MySQL permits users to specify GROUP BY and ORDER BY clauses consisting of expressions representing the ordinal positions of attributes within the corresponding SELECT clause. For example, the query below computes the total sales for each product category within each reporting month and sorts the result set by reporting month and product category.

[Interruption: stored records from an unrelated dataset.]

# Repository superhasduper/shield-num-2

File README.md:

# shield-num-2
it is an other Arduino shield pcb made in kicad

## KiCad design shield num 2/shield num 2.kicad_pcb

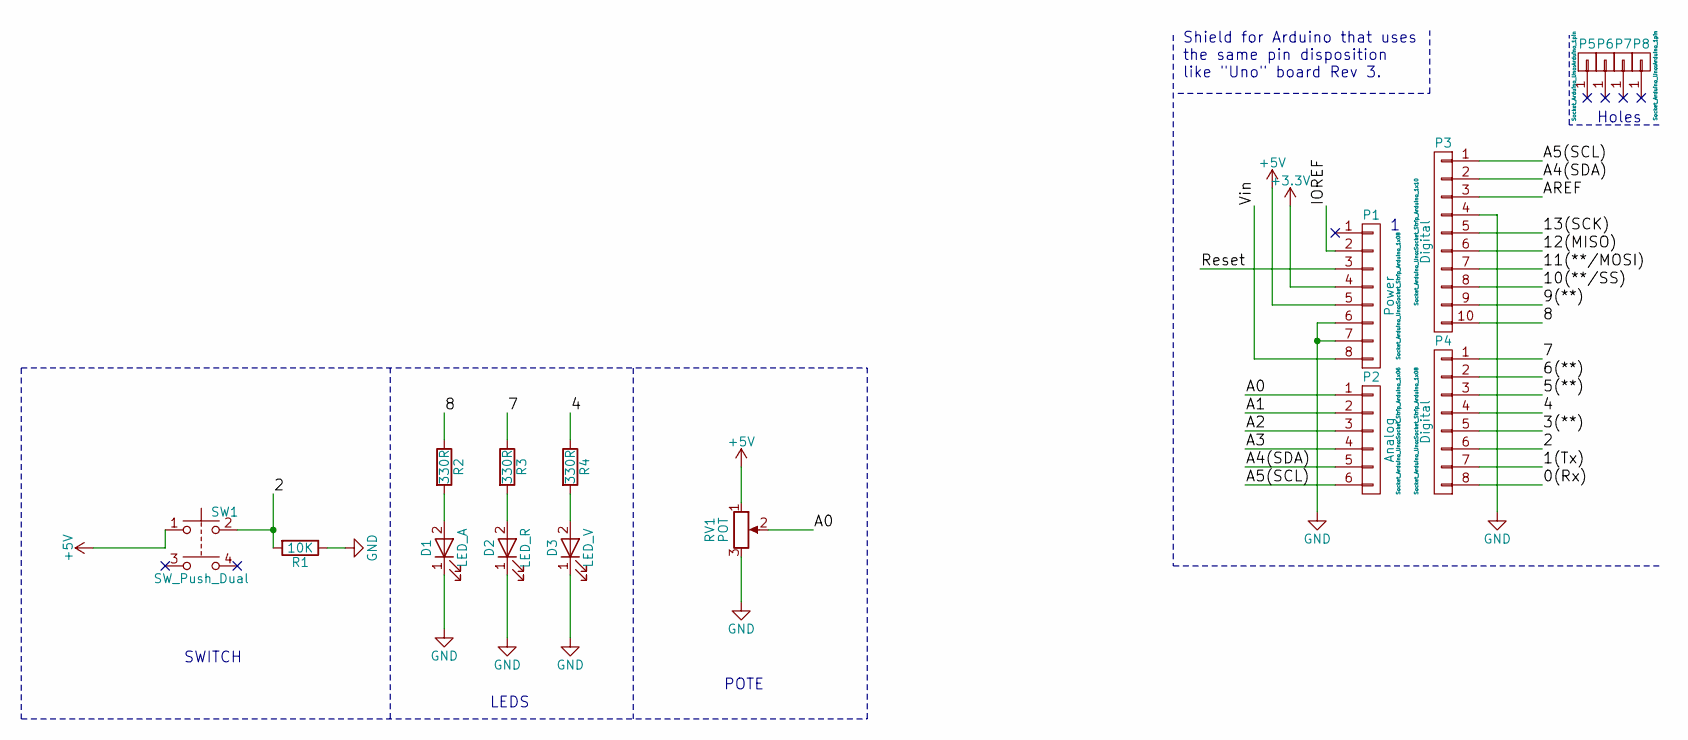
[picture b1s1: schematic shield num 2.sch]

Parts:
D1: LED_A; LED_D5.0mm
D2: LED_R; LED_D5.0mm
D3: LED_V; LED_D5.0mm
P1: Power; Socket_Strip_Arduino_1x08
P2: Analog; Socket_Strip_Arduino_1x06
P3: Digital; Socket_Strip_Arduino_1x10
P4: Digital; Socket_Strip_Arduino_1x08
P5, P6, P7, P8: CONN_01X01; Arduino_1pin
R1: 10K; R_Axial_DIN0207_L6.3mm_D2.5mm_P7.62mm_Horizontal
R2, R3, R4: 330R; R_Axial_DIN0207_L6.3mm_D2.5mm_P7.62mm_Horizontal
RV1: POT; Potentiometer_Trimmer_Piher_PT-10v10_Horizontal_Px10.0mm_Py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
SW1: SW_Push_Dual; SW_PUSH_6mm

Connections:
+3V3: P1.4
+5V: P1.5, RV1.1, SW1.1
/0(Rx): P4.8
/1(Tx): P4.7
/2: P4.6, R1.2, SW1.2
/3(**): P4.5
/4: P4.4, R4.1
/5(**): P4.3
/6(**): P4.2
/7: P4.1, R3.1
/8: P3.10, R2.1
/9(**): P3.9
/10(**/SS): P3.8
/11(**/MOSI): P3.7
/12(MISO): P3.6
/13(SCK): P3.5
/A0: P2.1, RV1.2
/A1: P2.2
/A2: P2.3
/A3: P2.4
/A4(SDA): P2.5, P3.2
/A5(SCL): P2.6, P3.1
/AREF: P3.3
/IOREF: P1.2
/Reset: P1.3
/Vin: P1.8
GND: D1.1 (K), D2.1 (K), D3.1 (K), P1.6, P1.7, P3.4, R1.1, RV1.3
unnamed: D1.2 (A), R2.2
unnamed: D2.2 (A), R3.2
unnamed: D3.2 (A), R4.2

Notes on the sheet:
Holes
Shield for Arduino that uses the same pin disposition like "Uno" board Rev 3.
LEDS
POTE
SWITCH

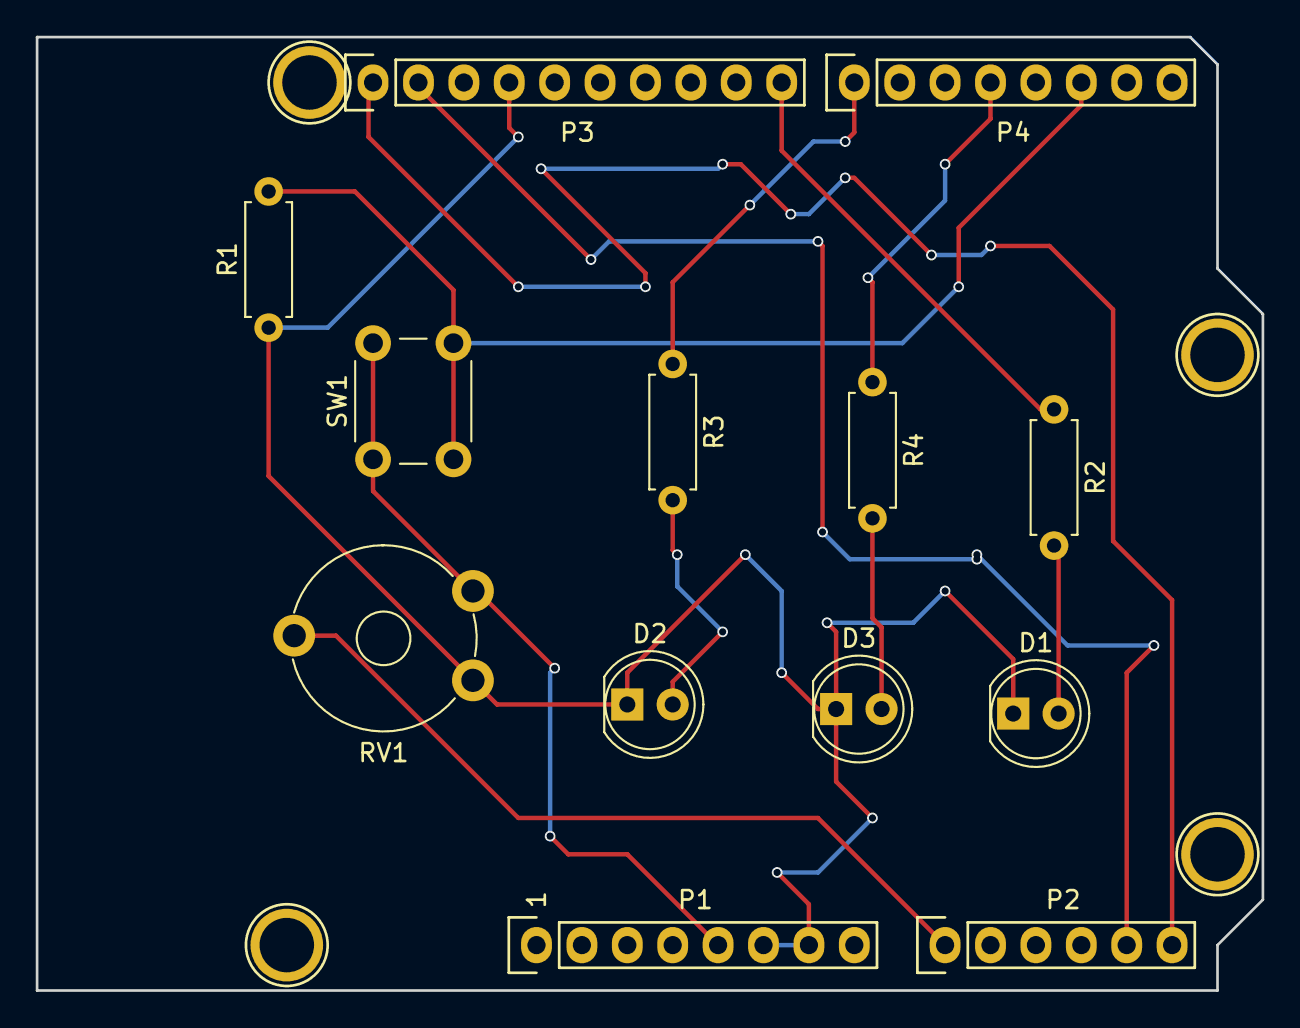
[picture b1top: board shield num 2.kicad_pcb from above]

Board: 2 copper layers, 68.6 x 53.3 mm, 17 parts (0 on the bottom side), 12 nets.

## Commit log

2019-07-07 here is everything

The expressions 1 and 2 within the GROUP BY and ORDER BY clauses state, “GROUP/ORDER the result set by the first and second attributes specified in the SELECT clause.”

SELECT
	CAST(
		DATE_FORMAT(report_date, '%Y-%m-01')
        AS DATE
	) AS reporting_month,
    north_america_sale.product_category,
    SUM(total_sale) AS total_sale
FROM
	north_america_sale
GROUP BY
	1, 2
ORDER BY
	1, 2;
reporting_monthproduct_categorytotal_sale
2023-01-01Hardware10532049
2023-01-01Office Supplies9527596
2023-01-01Software10032955
2023-02-01Hardware7713650
2023-02-01Office Supplies8363496
2023-02-01Software8072274
2023-03-01Hardware10107952
2023-03-01Office Supplies9308036
2023-03-01Software9566038
2023-04-01Hardware9981157
2023-04-01Office Supplies9101319
2023-04-01Software8094593
2023-05-01Hardware8224588
2023-05-01Office Supplies9854939
2023-05-01Software8719227
2023-06-01Hardware8547870
2023-06-01Office Supplies8569213
2023-06-01Software9424211
2023-07-01Hardware8956408
2023-07-01Office Supplies8742601
2023-07-01Software8850498
2023-08-01Hardware9718295
2023-08-01Office Supplies8566646
2023-08-01Software9848671
2023-09-01Hardware9198295
2023-09-01Office Supplies8742664
2023-09-01Software9532093
2023-10-01Hardware9138984
2023-10-01Office Supplies8658959
2023-10-01Software8430418
2023-11-01Hardware9559386
2023-11-01Office Supplies11124204
2023-11-01Software9945806
2023-12-01Hardware9680977
2023-12-01Office Supplies11923226
2023-12-01Software11490082

Had this post a different title and opening, you would likely be rejoicing at the thought of being able to type fewer characters to achieve the same result. Instead, you are skeptical of this perceived benefit and rightly so! Let us explore are few reasons as to why it is an overall bad idea to incorporate this feature into production code.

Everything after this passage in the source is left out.